Maintenance is critical for asset-intensive companies to be viable in the market. Equipment needs to be maintained for production to continue.
The 21st century has presented the maintenance world with the opportunity to advance their maintenance strategy with new technology. Predictive maintenance utilizes sensor data and connected software systems to predict when a failure is likely to occur, thereby reducing unplanned downtime and breakdowns, increasing uptime and maximizing utilization.
Asset sensors combined with data historians, EAM systems and advanced maintenance software, have enabled maintenance organizations to optimize their maintenance processes by implementing a predictive maintenance program and move away from reactive or preventive maintenance and their associated challenges. To review the challenges with reactive and preventive maintenance, read our blog Reactive vs Preventive vs Predictive Maintenance.
The aim of predictive maintenance is first and foremost to predict when an asset failure might occur, and in turn, prevent the failure.
Monitoring for future failure allows maintenance to be conducted at the exact time it is needed, rather than too early, while the part still has life, or too late, when the part has already failed.
This means the frequency of maintenance can be as low as possible, while still preventing unplanned downtime and breakdowns (Reactive Maintenance) and without incurring the costs associated with time interval maintenance (Preventive Maintenance).
Predictive maintenance does not come without its challenges, however. It requires an intricate system of asset sensors and software systems, as well as advanced changes to maintenance and data management processes.
Maintenance organizations cannot simply just become a predictive organization. There are several factors they need to review before they can dream of having a successful predictive maintenance program.
Predictive maintenance is the way of the future. Every day, more technology is being released, pushing maintenance organizations towards this strategy. The benefits of a successful predictive maintenance program mean improved efficiency, and decreased maintenance costs. But how does an organization overcome the challenges and successfully implement a predictive maintenance process?
Predictive maintenance may seem like an unattainable nirvana for maintenance teams. A concept that is nice to dream about, but impossible to actually achieve.
Machines telling you when a problem is occurring, so you can fix it before it breaks down? How is this actually possible? A successful predictive maintenance program is only possible when an organization prepares for it properly.
It is important for organizations to consider several operational areas when they decide to switch to a predictive maintenance program.
Before your organization can implement a predictive maintenance strategy, you must first understand your asset criticality.
Knowing the answers to these questions help your organization to focus their maintenance processes on your most critical assets and assist in making critical decisions related to your predictive maintenance strategy. Additionally, rules can be aligned with operational readiness to meet different business goals.

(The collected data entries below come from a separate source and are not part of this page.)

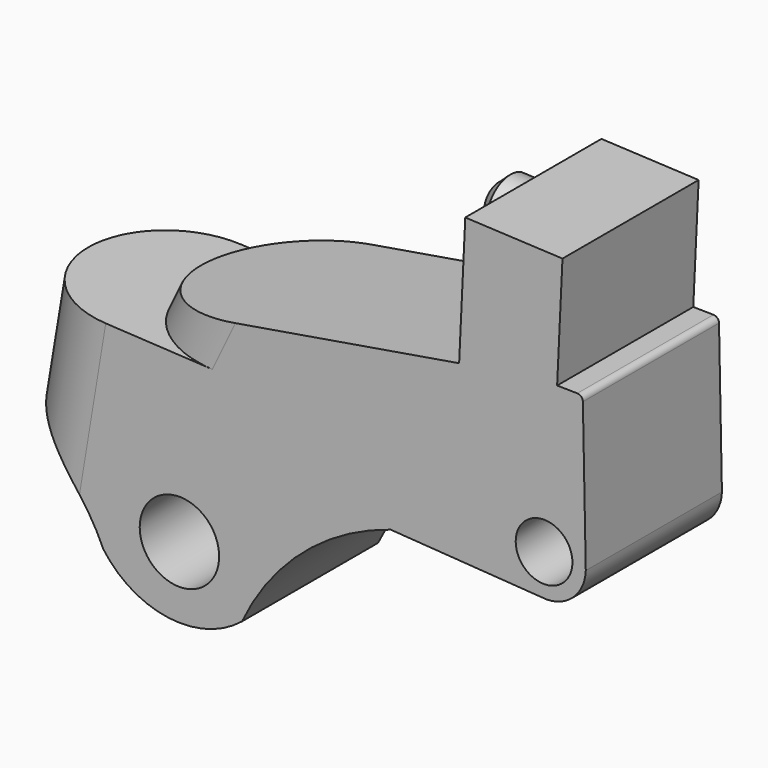
from build123d import *

# Parameters (mm, degrees)
F1_DEPTH = 3.81
F2_D     = 1.778
F3_D     = 1.27
F4_R     = 1.90499
F5_DEPTH = 2.921
F6_R     = 0.636089801
F7_DEPTH = 0.762
F8_SIZE  = 0.254
F9_R     = 0.127


# Not quite as in the source:
# - a fillet or chamfer is up to 0.001 mm smaller than in the source, because OpenCascade refuses the exact size
# - a feature names something its author has since deleted; it is built from what else it names


with BuildPart() as f1:
    # F0 (on Front) → F1 (new body)
    with BuildSketch(Plane.XZ):
        with BuildLine():
            Line((-39.4140869416, 30.484917322), (-39.6941413215, 29.9037330352))
            Line((-39.6941413215, 29.9037330352), (-41.9326054958, 30.025163579))
            Line((-41.9326054958, 30.025163579), (-42.315851897, 27.6998355985))
            ThreePointArc((-42.315851897, 27.6998355985), (-40.9839410359, 26.7856748681), (-40.0724932551, 25.4519060254))
            ThreePointArc((-40.0724932551, 25.4519060254), (-38.6103077884, 24.5752589314), (-36.9695164263, 25.0381845981))
            ThreePointArc((-36.9695164263, 25.0381845981), (-35.6119860231, 26.8367061404), (-33.6415685093, 27.929877378))
            Line((-33.6415685093, 27.929877378), (-30.2701074994, 27.6978733483))
            ThreePointArc((-30.2701074994, 27.6978733483), (-29.5830798604, 27.8997588647), (-29.2723267028, 28.5448923498))
            Line((-29.2723267028, 28.5448923498), (-29.339633882, 31.9740138948))
            Line((-29.339633882, 31.9740138948), (-29.925275594, 31.9827347994))
            Line((-29.925275594, 31.9827347994), (-29.9314986914, 31.6059216857))
            Line((-29.9314986914, 31.6059216857), (-32.1076634707, 31.7085161805))
            Line((-32.1076634707, 31.7085161805), (-39.4140869416, 30.484917322))
        make_face()
    extrude(amount=F1_DEPTH)

    # F2 (through all)
    with Locations(Plane(origin=(0, 0, 0), x_dir=(1, 0, 0), z_dir=(0, 1, 0))):
        with Locations((-38.3695736527, -26.1525325477)):
            Hole(F2_D / 2)

    # F3 (through all)
    with Locations(Plane(origin=(0, 0, 0), x_dir=(1, 0, 0), z_dir=(0, 1, 0))):
        with Locations((-30.2061401308, -28.6094471812)):
            Hole(F3_D / 2)

    # F4 (radius 1.905 in the source; OpenCascade refuses exactly that, so slightly less here)
    f4_edges = [f1.edges().sort_by_distance(p)[0] for p in [
        (-42.124229, -3.81, 28.8625),
        (-42.124229, 0, 28.8625),
        (-39.554114, -3.81, 30.194325),
        (-39.554114, 0, 30.194325),
    ]]
    fillet(f4_edges, radius=F4_R)

    # F5 (add): a face of the model
    f5_faces = [f1.faces().sort_by_distance(p)[0] for p in [
        (-31.0195810811, -1.905, 31.6572189331),
    ]]
    extrude(f5_faces, amount=F5_DEPTH)

    # F6 (on face) → F7 (join)
    with BuildSketch(Plane(origin=(-33.5280299441, 0, 1.5806667432), x_dir=(0, -1, 0), z_dir=(-0.9988905408, 0, 0.0470923302))):
        with Locations((1.905, 32.3275662959)):
            Circle(F6_R)
    extrude(amount=F7_DEPTH)

    # F8
    f8_edges = [f1.edges().sort_by_distance(p)[0] for p in [
        (-32.766804, -1.26891, 33.908251),
    ]]
    chamfer(f8_edges, length=F8_SIZE)

    # F9
    f9_edges = [f1.edges().sort_by_distance(p)[0] for p in [
        (-29.339634, -1.905, 31.974014),
    ]]
    fillet(f9_edges, radius=F9_R)


solid = f1.part

Predictive maintenance is dependent on new age technology. Asset sensors will need to be installed on ‘old-clunky machines’ in order for asset information to be collected. Additional software may be required for data to be collected and effectively managed. These implementations need to take place before a predictive maintenance program can begin.
Predictive maintenance inherently saves maintenance teams’ time and makes them more efficient. Your organization will need to determine how you want to utilize these time savings. You may choose to complete more work orders in a day. Alternatively, you may decide that preventive maintenance is still appropriate in certain scenarios and use these tasks to fill the additional time. Whatever the scenario, you will need a plan for the additional time savings.
When implementing any new software, system or process, user adoption should always be a number one concern. Simply put, without user buy-in, the new system will fail. Predictive maintenance disrupts all your current maintenance processes. It is important to ensure that plans are put in place for process implementation and user training.
When an organization begins tracking their assets, the volume of data can quickly become overwhelming. Systems, processes, and people need to be put in place to ensure the right data is being tracked to enable the organization to accurately predict failures and malfunctions.
Predictive maintenance strategies can be complicated, especially if your organization was not previously capturing asset data. A pilot program is a more simplistic way to transition your team from a solely reactive or preventive maintenance program to a predictive program.
A pilot program allows organizations to test that sensors, systems, and team members are all on the same page and that your strategy is working as imagined. If problems arise, processes can be adjusted to promote success on larger scale implementations.
Pilot programs also provide organizations with a cost-effective way to test the ROI of their proposed predictive maintenance strategy. Organizations can set up the predictive process on one or two critical assets as a base point to prove the value of the process change. Part of becoming a predictive maintenance organization involves convincing management of its benefit. For this to be possible, you need a sound ROI. Contact us to talk to an expert today.
When predictive maintenance is working effectively as a maintenance strategy, maintenance is only performed on machines when completely necessary, meaning maintenance is only performed on machines when a failure is likely to occur. This strategy gives maintenance organizations with several cost savings areas including:
These cost saving areas cannot be realized without proper planning prior to transitioning your maintenance strategy. Maintenance organizations need to be sure they are approaching their predictive maintenance strategy not from a 50,000-foot level, but from the ground, with all the details in clear view.